En su juventud el doctor Trejos Somarriba fue ministro del Trabajo y diputado al Congreso Nacional durante los gobiernos de Luis Somoza Debayle y René Schick Gutiérrez. Pertenecía al Partido Liberal Nacionalista (PLN), pero tenía una clara comprensión de que no había una verdadera democracia liberal y del contenido social que esta debía tener para ser efectiva, robusta y duradera.
Por eso el doctor Trejos Somarriba acompañó al doctor Ramiro Sacasa Guerrero y otros prominentes liberales en su esfuerzo por impulsar una transición institucional y pacífica del somocismo a la democracia republicana. Y estuvo en primera línea entre los liberales disidentes del somocismo que en 1970 formaron el Movimiento Liberal Constitucionalista (MLC), el cual, en 1981 se integró en el Consejo de Estado de la revolución sandinista y se convirtió en el Partido Liberal Constitucionalista (PLC).
La democracia llegó a Nicaragua en abril de 1990, como consecuencia del triunfo de doña Violeta Barrios de Chamorro y la Unión Nacional Opositora (UNO) en las elecciones del 25 de febrero de ese año. Entonces el doctor Trejos Somarriba asumió la responsabilidad más importante de su carrera profesional y política.
Ante la necesidad imperiosa de despolitizar el poder judicial que estaba subordinado al Frente Sandinista, la presidenta Barrios de Chamorro y la UNO lograron en consenso con el FSLN que renunciaran dos de los magistrados sandinistas de la Corte Suprema de Justicia, que esta fuera aumentada de 7 a 9 magistrados y que los nuevos 4 magistrados fueran escogidos por la Asamblea Nacional de ternas propuestas por ella, de acuerdo con lo que mandaba la Constitución.

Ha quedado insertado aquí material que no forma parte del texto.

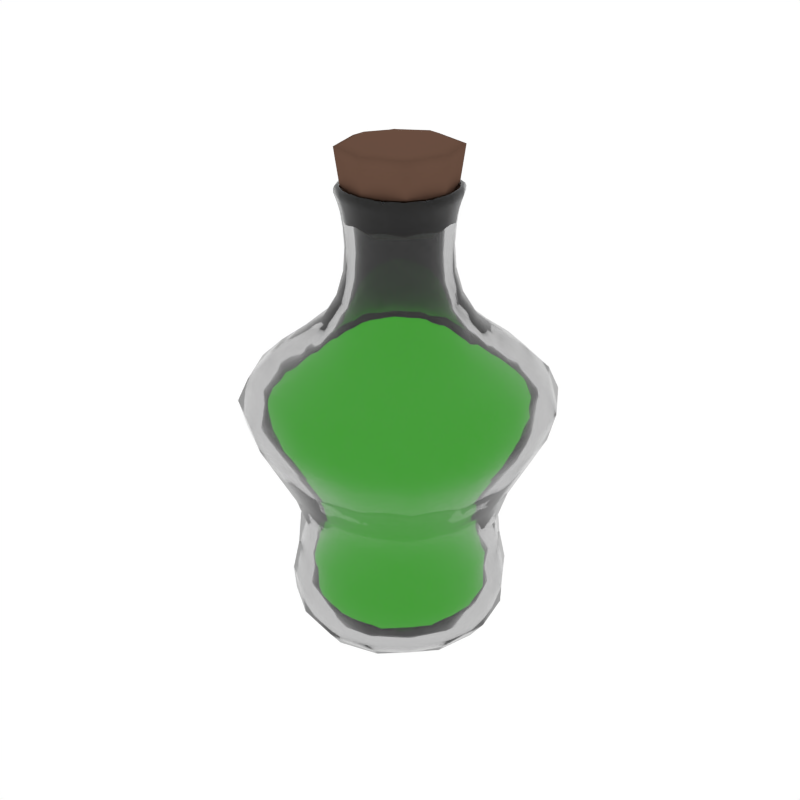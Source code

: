 # Source: Potion3_Filled.blend  (saved by Blender 2.79.0; exported with 4.5.12 LTS)
import bpy
from mathutils import Matrix  # noqa: F401  (used for matrix-valued properties, if any)

bpy.ops.wm.read_factory_settings(use_empty=True)
scene = bpy.context.scene
scene.name = 'Scene'

# ---- collections
col_collection_1 = bpy.data.collections.new('Collection 1'); scene.collection.children.link(col_collection_1)

# ---- materials (node trees are filled in below, after node groups)
mat_glass = bpy.data.materials.new('Glass')
mat_glass.alpha_threshold = 0.0
mat_glass.roughness = 0.5
mat_liquid_cyan = bpy.data.materials.new('Liquid_Cyan')
mat_liquid_cyan.alpha_threshold = 0.0
mat_liquid_cyan.diffuse_color = (0.1536, 0.8, 0.5667, 1.0)
mat_liquid_cyan.roughness = 0.5
mat_liquid_green = bpy.data.materials.new('Liquid_Green')
mat_liquid_green.alpha_threshold = 0.0
mat_liquid_green.diffuse_color = (0.1536, 0.8, 0.5667, 1.0)
mat_liquid_green.roughness = 0.5
mat_brown = bpy.data.materials.new('Brown')
mat_brown.alpha_threshold = 0.0
mat_brown.diffuse_color = (0.1376, 0.07494, 0.05109, 1.0)
mat_brown.roughness = 0.5

# ---- material node trees
mat_glass.use_nodes = True; mat_glass.node_tree.nodes.clear()
_N = mat_glass.node_tree.nodes; _L = mat_glass.node_tree.links
n0 = _N.new('ShaderNodeOutputMaterial'); n0.name = 'Material Output'; n0.location = (300, 300)
n1 = _N.new('ShaderNodeBsdfGlass'); n1.name = 'Glass BSDF'; n1.location = (10, 300)
n1.distribution = 'GGX'
n1.inputs[0].default_value = (0.8, 0.8, 0.8, 1.0)
n1.inputs[2].default_value = 1.45
_L.new(n1.outputs[0], n0.inputs[0])
n0.is_active_output = True
mat_liquid_cyan.use_nodes = True; mat_liquid_cyan.node_tree.nodes.clear()
_N = mat_liquid_cyan.node_tree.nodes; _L = mat_liquid_cyan.node_tree.links
n0 = _N.new('ShaderNodeOutputMaterial'); n0.name = 'Material Output'; n0.location = (837, 293)
n1 = _N.new('ShaderNodeEmission'); n1.name = 'Emission'; n1.location = (526, 306)
n1.inputs[0].default_value = (0.0, 0.8, 0.561, 1.0)
_L.new(n1.outputs[0], n0.inputs[0])
n0.is_active_output = True
mat_liquid_green.use_nodes = True; mat_liquid_green.node_tree.nodes.clear()
_N = mat_liquid_green.node_tree.nodes; _L = mat_liquid_green.node_tree.links
n0 = _N.new('ShaderNodeOutputMaterial'); n0.name = 'Material Output'; n0.location = (837, 293)
n1 = _N.new('ShaderNodeEmission'); n1.name = 'Emission.001'; n1.location = (526, 306)
n1.inputs[0].default_value = (0.01111, 0.1523, 0.0005446, 1.0)
n1.inputs[1].default_value = 3.1
_L.new(n1.outputs[0], n0.inputs[0])
n0.is_active_output = True

# ---- world
world_world = bpy.data.worlds.new('World'); scene.world = world_world
world_world.color = (1.0, 1.0, 1.0)
world_world.use_sun_shadow = False
world_world.sun_shadow_jitter_overblur = 0.0
world_world.cycles.sampling_method = 'NONE'
world_world.cycles.sample_map_resolution = 256

# ---- meshes
me_cube_066 = bpy.data.meshes.new('Cube.066')
me_cube_066.from_pydata([(-0.3025, 1.152e-10, 0.4921), (-0.2824, -0.121, 0.4921), (-0.3422, 0.0, 0.5678), (-0.2824, 0.121, 0.4921), (-0.2595, 0.0, 0.4102), (-0.2422, -0.1038, 0.4102), (-0.3194, -0.1369, 0.5678), (-0.3194, 0.1369, 0.5678), (-0.2422, 0.1038, 0.4102), (1.152e-10, 0.3025, 0.4921), (-0.121, 0.2824, 0.4921), (0.0, 0.3422, 0.5678), (0.121, 0.2824, 0.4921), (0.0, 0.2595, 0.4102), (-0.1038, 0.2422, 0.4102), (-0.1369, 0.3194, 0.5678), (0.1369, 0.3194, 0.5678), (0.1038, 0.2422, 0.4102), (0.3025, -1.152e-10, 0.4921), (0.2824, 0.121, 0.4921), (0.3422, 0.0, 0.5678), (0.2824, -0.121, 0.4921), (0.2595, 0.0, 0.4102), (0.2422, 0.1038, 0.4102), (0.3194, 0.1369, 0.5678), (0.3194, -0.1369, 0.5678), (0.2422, -0.1038, 0.4102), (-1.152e-10, -0.3025, 0.4921), (0.121, -0.2824, 0.4921), (0.0, -0.3422, 0.5678), (-0.121, -0.2824, 0.4921), (0.0, -0.2595, 0.4102), (0.1038, -0.2422, 0.4102), (0.1369, -0.3194, 0.5678), (-0.1369, -0.3194, 0.5678), (-0.1038, -0.2422, 0.4102), (0.0, -8.062e-10, 0.006227), (1.843e-09, 0.1271, 0.01625), (0.1271, -1.843e-09, 0.01625), (-1.843e-09, -0.1271, 0.01625), (-0.1271, 0.0, 0.01625), (-0.1158, 0.1158, 0.02569), (0.1158, 0.1158, 0.02569), (0.1158, -0.1158, 0.02569), (-0.1158, -0.1158, 0.02569), (0.2842, 0.0, 0.7361), (0.3347, 0.0, 0.6889), (0.2652, 0.1137, 0.7361), (0.2237, 0.0, 0.781), (0.2652, -0.1137, 0.7361), (0.3124, -0.1339, 0.6889), (0.3124, 0.1339, 0.6889), (0.2088, 0.08947, 0.781), (0.2088, -0.08947, 0.781), (-0.1289, 0.0, 1.094), (-0.1237, 0.0, 1.073), (-0.1203, -0.05157, 1.094), (-0.1336, 0.0, 1.108), (-0.1203, 0.05157, 1.094), (-0.1155, 0.04948, 1.073), (-0.1155, -0.04948, 1.073), (-0.1247, -0.05346, 1.108), (-0.1247, 0.05346, 1.108), (-0.2842, 0.0, 0.7361), (-0.3347, 0.0, 0.6889), (-0.2652, -0.1137, 0.7361), (-0.2237, 0.0, 0.781), (-0.2652, 0.1137, 0.7361), (-0.3124, 0.1339, 0.6889), (-0.3124, -0.1339, 0.6889), (-0.2088, -0.08947, 0.781), (-0.2088, 0.08947, 0.781), (0.0, -0.2842, 0.7361), (0.0, -0.3347, 0.6889), (0.1137, -0.2652, 0.7361), (0.0, -0.2237, 0.781), (-0.1137, -0.2652, 0.7361), (-0.1339, -0.3124, 0.6889), (0.1339, -0.3124, 0.6889), (0.08947, -0.2088, 0.781), (-0.08947, -0.2088, 0.781), (0.0, 0.2842, 0.7361), (0.0, 0.3347, 0.6889), (-0.1137, 0.2652, 0.7361), (0.0, 0.2237, 0.781), (0.1137, 0.2652, 0.7361), (0.1339, 0.3124, 0.6889), (-0.1339, 0.3124, 0.6889), (-0.08947, 0.2088, 0.781), (0.08947, 0.2088, 0.781), (0.0, -0.1289, 1.094), (0.0, -0.1237, 1.073), (0.05157, -0.1203, 1.094), (0.0, -0.1336, 1.108), (-0.05157, -0.1203, 1.094), (-0.04948, -0.1155, 1.073), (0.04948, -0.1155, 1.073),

Igualmente, haciendo uso de su facultad constitucional —y también con el consentimiento de la dirigencia sandinista—, doña Violeta canceló el nombramiento del presidente de la Corte Suprema de Justicia que pertenecía al FSLN y nombró para sustituirlo al doctor Orlando Trejos Somarriba.
Con el ingreso a la Corte Suprema de los cuatro nuevos magistrados propuestos por doña Violeta, y bajo la presidencia del doctor Trejos Somarriba, en la cúpula del poder judicial se alcanzó el equilibrio necesario para profesionalizar la justicia y que fuera soporte jurídico del frágil y complejo proceso de la transición democrática.
El doctor Orlando Trejos Somarriba y los demás magistrados demócratas que ingresaron a la Corte con el cambio de gobierno de 1990, no ocuparon los cargos para servir a la presidenta, ni a la UNO, ni a nadie en particular. Los ejercieron para impartir justicia de manera independiente como debe ser en una verdadera democracia.
Con su preclara inteligencia jurídica y su firme concepción democrática, el doctor Trejos Somarriba —uno de los grandes de la transición democrática que ahora se ha ido— condujo el poder judicial de Nicaragua hacia su independencia y su dignificación, virtudes que ahora se han perdido por la corrupción y la traición partidista.